The award is presented to an APABA attorney who has exhibited a commitment to public service through public sector work or a substantial commitment to community service. It is accompanied by a stipend intended to go toward CLE or repaying law school loans.

“John is an extremely bright and hard-working attorney from my office’s Criminal Appeals Section,” Coffman said. “As we celebrate Law Day today, it is fitting to recognize his accomplishments in many high-profile cases, as well as the ways in which he has protected our communities and preserved our freedoms. John's recent work defending Colorado's law that outlaws human smuggling not only preserved our state's law, but the basic human dignity that Governor Carr challenged Coloradans to embrace.”

Since graduating from Georgetown Law in 2006, Lee has spent nearly his entire career at the Colorado Attorney General’s Office. In that time, he has successfully defended hundreds of convictions in a broad array of cases, including murder, sex assault, child
abuse, and financial fraud. Indeed, his almost-40 published opinions reflect the significant and wide-ranging impact of his work.

In addition to his successful defense of a constitutional challenge to Colorado's human smuggling ban in People v. Fuentes-Espinoza, 2013 COA 1, he also prevailed in the Colorado Supreme Court in People v. Alfaro, 320 P.3d 1191 (Colo. 2014), reinstating the convictions of a dangerous murderer in 2014. And, this past year, he successfully defended the direct appeal of death row inmate Robert Ray’s murder convictions.

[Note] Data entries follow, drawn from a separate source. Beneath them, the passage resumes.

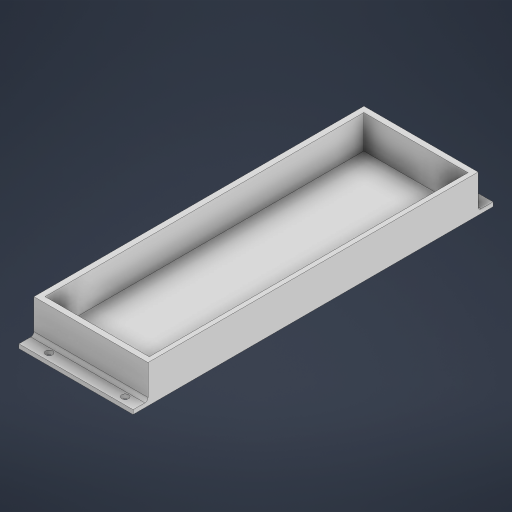
# Autodesk Inventor part: beban
Saved by Autodesk Inventor 2024.3 (Build 283343000, 343)
## iProperties
Created: 2025-06-23
Part Number: beban
Material: Generic
Document SubType Name: Modeling
Designer: Akbar Syihabuddin
Density: 1 g/cm^3
Appearance: Default
Author: Akbar Syihabuddin
Autodesk Inventor part; units mm, degrees
ref_plane "YZ Plane" through (0, 0, 0) normal (1, 0, 0) x (0, 1, 0)
ref_plane "XZ Plane" through (0, 0, 0) normal (0, 1, 0) x (-1, 0, 0)
ref_plane "XY Plane" through (0, 0, 0) normal (0, 0, 1) x (1, 0, 0)
sketch "Sketch1" plane through (0, 0, 0) normal (0, 1, 0) x (-1, 0, 0)
  line L0 (40.5829, -68.5109) -> (-9.4171, -68.5109)
  line L1 (-9.4171, -68.5109) -> (-9.4171, 7.9891)
  line L2 (-9.4171, 7.9891) -> (40.5829, 7.9891)
  line L3 (40.5829, 7.9891) -> (40.5829, -68.5109)
  line L4 (40.5829, -68.5109) -> (-9.4171, -68.5109)
  line L5 (-9.4171, -68.5109) -> (-9.4171, -145.0109)
  line L6 (-9.4171, -145.0109) -> (40.5829, -145.0109)
  line L7 (40.5829, -145.0109) -> (40.5829, -68.5109)
  line L8 (43.2164, 17.8584) -> (43.2164, -154.8803)
  line L9 (43.2164, -68.5109) -> (-11.5522, -68.5109)
  line L10 (-11.5522, -68.5109) -> (-11.5522, -147.7105)
  line L11 (-11.5522, -147.7105) -> (43.2164, -147.7105)
  line L12 (43.2164, -147.7105) -> (43.2164, -68.5109)
  line L13 (-11.5522, 10.6887) -> (43.2164, 10.6887)
  line L14 (-11.5522, -68.5109) -> (-11.5522, 10.6887)
  circle A0 centre (-4.2663, -151.3765) radius 1.65
  circle A1 centre (32.2203, -151.3765) radius 1.65
  line L15 (43.2164, -147.7105) -> (43.2164, -154.8803)
  line L16 (43.2164, -154.8803) -> (-11.5522, -154.8803)
  line L17 (-13.2912, -151.8803) -> (16.3367, -151.8803)
  line L18 (-11.5522, -154.8803) -> (-11.5522, -147.7105)
  line L19 (-11.5522, 10.6887) -> (43.2164, 10.6887)
  line L20 (-13.2912, 14.8584) -> (16.3367, 14.8584)
  circle A2 centre (-4.2663, 14.3547) radius 1.65
  line L21 (-11.5522, 17.8584) -> (-11.5522, 10.6887)
  line L22 (43.2164, 17.8584) -> (-11.5522, 17.8584)
  circle A3 centre (32.2203, 14.3547) radius 1.65
  line L23 (43.2164, 10.6887) -> (43.2164, 17.8584)
  point P0 (0, 0)
  point P1 (7.1317, -61.1506)
  point P2 (-9.4171, -68.5109)
  dimension "d2" = 50
  dimension "d3" = 76.5
  dimension "d4" = 76.5
  dimension "d5" = 3.3
  dimension "d6" = 3.3
  constraints: 48 end point, 7 parallel, 7 symmetric about line, 4 centre point, 4 perpendicular, 3 horizontal, 1 collinear, 1 midpoint, 1 vertical, 2 other
  measures "d2" distance of L1.end L2.end
  measures "d3" distance of L0.end L1.end
  measures "d4" distance of L5.end L4.end
  measures "d5" diameter of A0
  measures "d6" diameter of A1
extrude "Extrusion1" add sketch "Sketch1" along normal blind 18 contours L9 L8 L11 L10 L5 L6 L7 | L3 L2 L1 L9 L14 L13 L8
extrude "Extrusion2" add sketch "Sketch1" along normal blind 2 contours L7 L6 L5 L0 | L0 L1 L2 L3 | L13 L21 L22 L8 | L8 L16 L18 L11
fillet "Fillet1" radius 1.5 1 edges at (-15.8321, 2, -147.7105)
fillet "Fillet2" radius 1.5 1 edges at (-15.8321, 2, 10.6887)
body "Solid1"
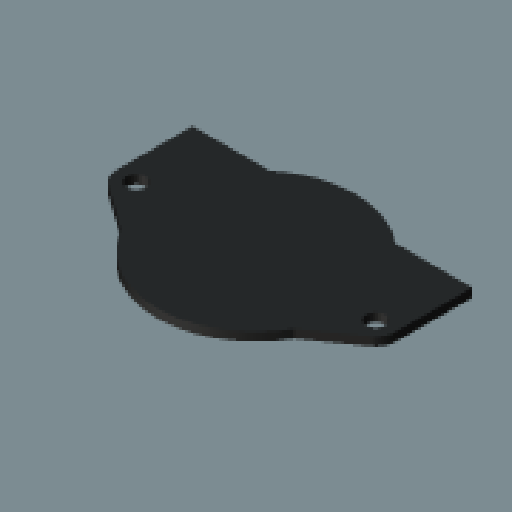
# Autodesk Inventor part: Mellow Fly SHT36
Saved by Autodesk Inventor 2023.2 (Build 272271000, 271)
## iProperties
Created: 2023-02-06
Part Number: Mellow Fly SHT36
Material: Copper, Alloy
Document SubType Name: Modeling
Designer: remop
Density: 8.92 g/cm^3
Appearance: Glossy - Black
Author: remop
Autodesk Inventor part; units mm, degrees
ref_plane "YZ Plane" through (0, 0, 0) normal (1, 0, 0) x (0, 1, 0)
ref_plane "XZ Plane" through (0, 0, 0) normal (0, 1, 0) x (-1, 0, 0)
ref_plane "XY Plane" through (0, 0, 0) normal (0, 0, 1) x (1, 0, 0)
sketch "Sketch1" plane through (0, 0, 0) normal (0, 1, 0) x (-1, 0, 0)
  circle A0 centre (-21.92, 0) radius 1.75
  circle A1 centre (21.92, 0) radius 1.75
  circle A2 centre (0, 0) radius 18.13
  circle A3 centre (-21.92, 0) radius 3.715
  circle A4 centre (21.92, 0) radius 3.715
  line L0 (-25.635, 0) -> (-25.635, -14)
  line L1 (-25.635, -14) -> (-11.5194, -14)
  line L2 (11.5194, -14) -> (25.635, -14)
  line L3 (25.635, -14) -> (25.635, 0)
  line L4 (24.0715, 3.0286) -> (15.7877, 8.9132)
  line L5 (-24.0715, 3.0286) -> (-15.7877, 8.9132)
  dimension "d0" = 3.5
  dimension "d1" = 43.84
  dimension "d2" = 21.92
  dimension "d3" = 36.26
  dimension "d4" = 51.27
  dimension "d5" = 14
  dimension "d7" = 35.389
  constraints: 12 end point, 8 point on circle, 5 centre point, 4 tangent, 3 coincident, 2 equal length, 2 horizontal alignment, 2 point on line, 1 equal radius, 1 perpendicular, 1 vertical
  measures "d0" diameter of A0
  measures "d1" distance of A1.centre A0.centre
  measures "d2" distance of point (0, 0) A1.centre
  measures "d3" diameter of A2
  measures "d4" distance between parallel lines of L3 L0
  measures "d5" distance from line of L1 point (0, 0)
  measures "d7" angle of L2 L4
extrude "Extrusion1" add sketch "Sketch1" along normal blind 1.6
equation "\"d2\" = 0.5 * d1"
body "Solid1"

The Governor Ralph Carr Award is named for Colorado's 29th Governor who denounced popular anti-Japanese sentiment and urged Coloradans to welcome resettled Japanese-Americans that the Government relocated from the West Coast to a camp at Amache near Granada, Colorado. In a speech defending the rights of the displaced Japanese-Americans, Carr said:

"If you harm them, you must harm me. I was brought up in a small town where I knew the shame and dishonor of race hatred. I grew to despise it because it threatened the happiness of you and you and you."

Carr's urgings for racial tolerance and for protection of the basic rights of the Japanese-Americans generally are thought to have cost him his political career, including his ambition for election to the United States Senate. The Ralph L. Carr Colorado Judicial Center, which houses the state appellate courts and many government offices, is named in his honor.